9.3.5. Income under Category F or Category G can be combined with income from salaried and 
non-salaried employment, non-employment income and pension income in order to meet 
the financial requirement. However, unlike with other Categories, these sources of income 
must fall within the relevant financial year(s) in order to be included. Under Category F or 
Category G, all income must fall within the financial year(s) relied on. For example, to count 
income from property rental the income must have been received during the relevant 
financial year(s), though the property must still be owned by the relevant person at the date 
of application. 
*


- We need to prove that he will have ongoing self employment in the UK.
*
9.5.2. Where the applicant‟s partner is in self-employment overseas and is returning with the 
applicant to the UK to work, they may rely on continuing their self-employment in the UK or 
on a confirmed offer of employment in the UK in order to meet the financial requirement. 
Therefore, if their self-employment income overseas is sufficient to meet the financial 
requirement, they can also provide evidence either: 

 That their self-employment is ongoing and will be continuing in the UK; or 
 Of a confirmed offer of salaried or non-salaried employment in the UK, starting 
within 3 months of their return. (The specified evidence and calculation for this is 
explained in section 5 of this guidance). *

This is where it gets a bit tricky... for a UK based self-employed person they provide evidence of being self employed by providing things like their HRMC registration and proof of Class 2 National Insurance payments. Under 9.6.1 it states that :

*(g) Evidence of ongoing self-employment through evidence of payment of Class 2 National Insurance contributions. *

And then .. *8. In respect of self-employment outside of the UK, evidence should be a reasonable 
equivalent to that set out in paragraph 7.* 

SO for my husband to prove that his self employment is ongoing and will be continuing in the UK, do you think registering with HRMC as self employed and signing up for Class 2 National Insurance payments would be sufficient? ( to clarify he is a freelance website developer). Or will we need to do more stuff too?? He works from home so he wouldn't be renting an office or anything like that.

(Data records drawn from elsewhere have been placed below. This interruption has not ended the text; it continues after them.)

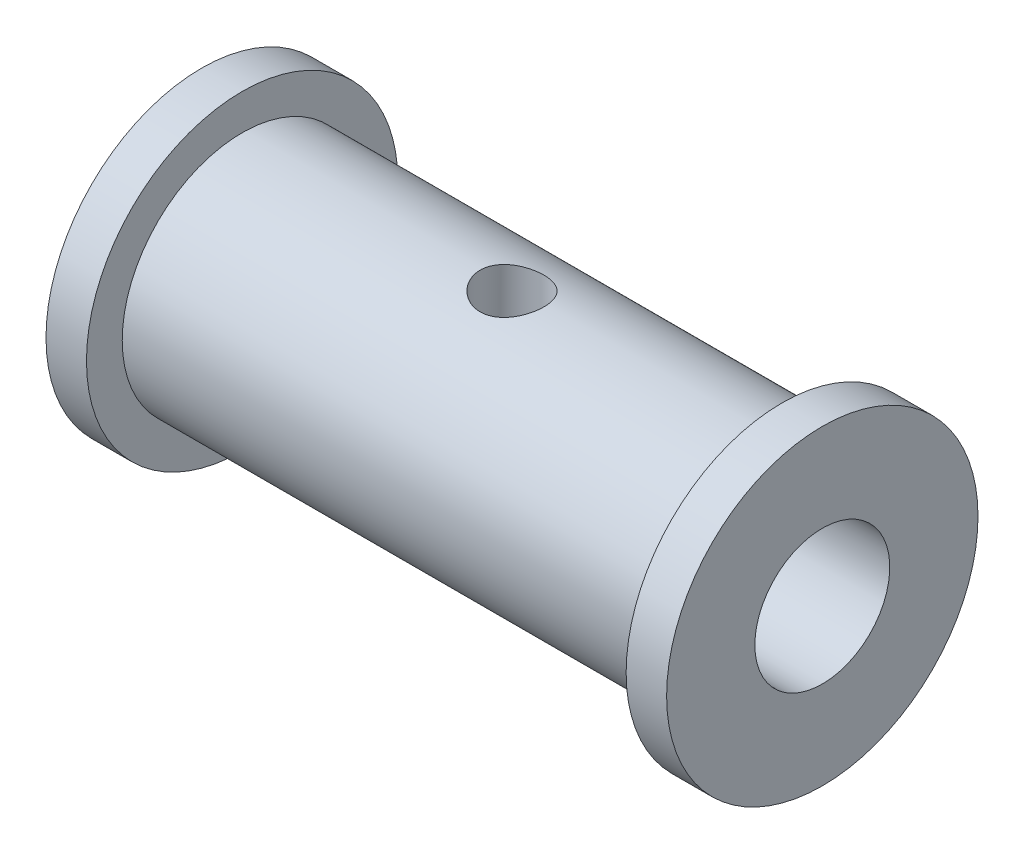
ISO-10303-21;
HEADER;
FILE_DESCRIPTION(('STEP AP214'),'2;1');
FILE_NAME('part.step','',(''),(''),'','','');
FILE_SCHEMA(('AUTOMOTIVE_DESIGN { 1 0 10303 214 1 1 1 1 }'));
ENDSEC;
DATA;
#1=APPLICATION_CONTEXT('core data for automotive mechanical design processes');
#2=APPLICATION_PROTOCOL_DEFINITION('international standard','automotive_design',2000,#1);
#3=PRODUCT_CONTEXT('',#1,'mechanical');
#4=PRODUCT('Part','Part','',(#3));
#5=PRODUCT_RELATED_PRODUCT_CATEGORY('part','',(#4));
#6=PRODUCT_DEFINITION_FORMATION('','',#4);
#7=PRODUCT_DEFINITION_CONTEXT('part definition',#1,'design');
#8=PRODUCT_DEFINITION('design','',#6,#7);
#9=PRODUCT_DEFINITION_SHAPE('','',#8);
#10=(LENGTH_UNIT() NAMED_UNIT(*) SI_UNIT(.MILLI.,.METRE.));
#11=(NAMED_UNIT(*) PLANE_ANGLE_UNIT() SI_UNIT($,.RADIAN.));
#12=(NAMED_UNIT(*) SI_UNIT($,.STERADIAN.) SOLID_ANGLE_UNIT());
#13=UNCERTAINTY_MEASURE_WITH_UNIT(LENGTH_MEASURE(1.E-05),#10,'distance_accuracy_value','');
#14=(GEOMETRIC_REPRESENTATION_CONTEXT(3) GLOBAL_UNCERTAINTY_ASSIGNED_CONTEXT((#13)) GLOBAL_UNIT_ASSIGNED_CONTEXT((#10,
#11,#12)) REPRESENTATION_CONTEXT('',''));
#15=CARTESIAN_POINT('',(0.,0.,0.));
#16=DIRECTION('',(0.,0.,1.));
#17=DIRECTION('',(1.,0.,0.));
#18=AXIS2_PLACEMENT_3D('',#15,#16,#17);
#19=CARTESIAN_POINT('',(-15.2755244755245,0.,0.));
#20=DIRECTION('',(-1.,0.,0.));
#21=DIRECTION('',(0.,0.,1.));
#22=AXIS2_PLACEMENT_3D('',#19,#20,#21);
#23=CYLINDRICAL_SURFACE('',#22,3.175);
#24=CARTESIAN_POINT('',(14.605,0.,0.));
#25=DIRECTION('',(-1.,0.,0.));
#26=DIRECTION('',(0.,0.,1.));
#27=AXIS2_PLACEMENT_3D('',#24,#25,#26);
#28=CIRCLE('',#27,3.175);
#29=CARTESIAN_POINT('',(14.605,0.,3.175));
#30=VERTEX_POINT('',#29);
#31=EDGE_CURVE('E70',#30,#30,#28,.T.);
#32=ORIENTED_EDGE('',*,*,#31,.F.);
#33=EDGE_LOOP('',(#32));
#34=FACE_BOUND('',#33,.T.);
#35=CARTESIAN_POINT('',(-14.605,0.,0.));
#36=DIRECTION('',(-1.,0.,0.));
#37=DIRECTION('',(0.,0.,1.));
#38=AXIS2_PLACEMENT_3D('',#35,#36,#37);
#39=CIRCLE('',#38,3.175);
#40=CARTESIAN_POINT('',(-14.605,0.,3.175));
#41=VERTEX_POINT('',#40);
#42=EDGE_CURVE('E64',#41,#41,#39,.T.);
#43=ORIENTED_EDGE('',*,*,#42,.T.);
#44=EDGE_LOOP('',(#43));
#45=FACE_BOUND('',#44,.T.);
#46=CARTESIAN_POINT('',(0.,2.7983253920872,-1.5));
#47=CARTESIAN_POINT('',(0.0788107476010317,2.79833097649977,-1.49999523547047));
#48=CARTESIAN_POINT('',(0.157735612205732,2.80170427159323,-1.49374832449328));
#49=CARTESIAN_POINT('',(0.313214667514685,2.81472644561665,-1.4690554061353));
#50=CARTESIAN_POINT('',(0.389762907162894,2.82438992585351,-1.45058101361493));
#51=CARTESIAN_POINT('',(0.537952673756733,2.84863009396432,-1.40237253355636));
#52=CARTESIAN_POINT('',(0.609616136431819,2.86318279906116,-1.37269332197988));
#53=CARTESIAN_POINT('',(0.74692939284759,2.89552502377023,-1.30308399064543));
#54=CARTESIAN_POINT('',(0.8125794422789,2.91331440566267,-1.26315430701281));
#55=CARTESIAN_POINT('',(0.941323245258398,2.95172227722859,-1.1707430871524));
#56=CARTESIAN_POINT('',(1.00387788849068,2.97245254188493,-1.11755658650795));
#57=CARTESIAN_POINT('',(1.11959143684936,3.01349951044786,-1.00161259672222));
#58=CARTESIAN_POINT('',(1.17274606260041,3.03381602228766,-0.938850772491945));
#59=CARTESIAN_POINT('',(1.27118937954777,3.07317288716969,-0.801034900704515));
#60=CARTESIAN_POINT('',(1.31583450125175,3.09206866660246,-0.725476017233364));
#61=CARTESIAN_POINT('',(1.39153752206176,3.12503381595021,-0.566861686619154));
#62=CARTESIAN_POINT('',(1.42260309774527,3.13910591174128,-0.483810507023549));
#63=CARTESIAN_POINT('',(1.46819431985617,3.16003750546179,-0.318263833167133));
#64=CARTESIAN_POINT('',(1.4836598006004,3.16730464125021,-0.23607983759682));
#65=CARTESIAN_POINT('',(1.50068669846295,3.17531500926786,-0.0699854874354078));
#66=CARTESIAN_POINT('',(1.50225551712034,3.17606171435844,0.0139239243031286));
#67=CARTESIAN_POINT('',(1.49185310738046,3.1711569999128,0.17410404695592));
#68=CARTESIAN_POINT('',(1.4809263684281,3.16599910390162,0.250460926307549));
#69=CARTESIAN_POINT('',(1.44768451199486,3.15058713309443,0.400106757592313));
#70=CARTESIAN_POINT('',(1.42536854800002,3.14033267949386,0.473395481043944));
#71=CARTESIAN_POINT('',(1.36978180811971,3.11549383971164,0.61616215999247));
#72=CARTESIAN_POINT('',(1.33635400002596,3.10084769916082,0.685567785451937));
#73=CARTESIAN_POINT('',(1.25968096352203,3.06858481389696,0.817962218284119));
#74=CARTESIAN_POINT('',(1.21643213988174,3.05096698193041,0.880948663490016));
#75=CARTESIAN_POINT('',(1.11701776567009,3.01265189942243,1.00453666893054));
#76=CARTESIAN_POINT('',(1.06005736803148,2.9918200943109,1.0644578414785));
#77=CARTESIAN_POINT('',(0.93699705964444,2.95046283361779,1.17424124933889));
#78=CARTESIAN_POINT('',(0.87089145595116,2.92993757775203,1.2240971710571));
#79=CARTESIAN_POINT('',(0.727172138151077,2.89039711066438,1.31484174230845));
#80=CARTESIAN_POINT('',(0.649138941996297,2.87151577260243,1.35512986365461));
#81=CARTESIAN_POINT('',(0.486283743531031,2.83914834140001,1.42170562946273));
#82=CARTESIAN_POINT('',(0.401468219875632,2.82565717160027,1.44800645544408));
#83=CARTESIAN_POINT('',(0.234253704737598,2.80697974613979,1.48387059914899));
#84=CARTESIAN_POINT('',(0.152157558069844,2.80124227464673,1.4945499135996));
#85=CARTESIAN_POINT('',(-0.0128364544628812,2.79714234532468,1.50221328025957));
#86=CARTESIAN_POINT('',(-0.0957338532268694,2.79877582206013,1.49920488189903));
#87=CARTESIAN_POINT('',(-0.25184110118071,2.80865284380239,1.4806017347564));
#88=CARTESIAN_POINT('',(-0.32523813353968,2.81627144126264,1.46619608896935));
#89=CARTESIAN_POINT('',(-0.468463633051388,2.83637948512089,1.42690562153975));
#90=CARTESIAN_POINT('',(-0.538291075738513,2.8488703210638,1.40201781025962));
#91=CARTESIAN_POINT('',(-0.676035807524976,2.87800314814948,1.3412324594274));
#92=CARTESIAN_POINT('',(-0.743715994140066,2.89481019393091,1.30487958898417));
#93=CARTESIAN_POINT('',(-0.872389828600745,2.93050507850425,1.22260967416881));
#94=CARTESIAN_POINT('',(-0.93338011780599,2.94939395301752,1.17668785898318));
#95=CARTESIAN_POINT('',(-1.05395122429284,2.98962533435876,1.07066250220429));
#96=CARTESIAN_POINT('',(-1.11263900919066,3.0110091844446,1.00955462247668));
#97=CARTESIAN_POINT('',(-1.2191662131219,3.05197816465585,0.877952835832725));
#98=CARTESIAN_POINT('',(-1.26700313884629,3.07156288076261,0.807456777596013));
#99=CARTESIAN_POINT('',(-1.35106340432696,3.10717258491727,0.657374049291596));
#100=CARTESIAN_POINT('',(-1.38708244177874,3.12313361565429,0.577656753882327));
#101=CARTESIAN_POINT('',(-1.44486593502356,3.14922093597641,0.412327293299583));
#102=CARTESIAN_POINT('',(-1.46664154231209,3.15935178938716,0.326719797872878));
#103=CARTESIAN_POINT('',(-1.49363889435459,3.17197971044583,0.159896332874223));
#104=CARTESIAN_POINT('',(-1.50011013632642,3.17505233840112,0.078925398284078));
#105=CARTESIAN_POINT('',(-1.49988711965684,3.17494636529876,-0.0829833461657175));
#106=CARTESIAN_POINT('',(-1.49319653511093,3.17176950877122,-0.163921158963004));
#107=CARTESIAN_POINT('',(-1.46770848023088,3.15985410378094,-0.318841842835547));
#108=CARTESIAN_POINT('',(-1.44959197491994,3.15142868675494,-0.392963167600614));
#109=CARTESIAN_POINT('',(-1.40262108547478,3.13010132928976,-0.537026434022491));
#110=CARTESIAN_POINT('',(-1.37376499240882,3.1171986764347,-0.60696770847403));
#111=CARTESIAN_POINT('',(-1.30473490189286,3.08738510301285,-0.744198443618439));
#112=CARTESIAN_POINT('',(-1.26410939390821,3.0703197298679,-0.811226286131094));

Sub question - if we register him as self employed with HRMC, you can only do this 28 days before the start of the business formation. Would we say the business starts when we arrive in the UK or when he started it in NZ? If we have to wait 28 days before we get to the UK then we wont have a spouse visa in time for me to enter the country!! (Assuming 2 - 3 month processing time).

Any thoughts would be gratefully received!


----------



## Joppa (Sep 7, 2009)

No you don't need to register as self-employed with HMRC or for income tax before arriving in UK. All that the guidance says is:



> That their self-employment is ongoing and will be continuing in the UK.


without giving any further details of how this can be evidenced.

So what I suggest is that he and his accountant get together and prepare a suitable dossier that shows his self-employment will continue in UK, such as a business plan, readiness to register with HMRC, projected turnover and profit and so on. If his projected profit is less than £18,600 before tax, he needs a confirmed offer of employment in addition (you can't combine savings with self-employment).


----------



## ratty89 (Nov 9, 2013)

Great - thanks so much!!

I feel a bit apprehensive about this option ( meeting the financial requirements by combining cat A and F) and relying on his ongoing self employment when we move to the UK. Any ideas on whether him having a job offer in the UK would be viewed more favourably?


----------



## Joppa (Sep 7, 2009)

I think that would be much easier to evidence.


----------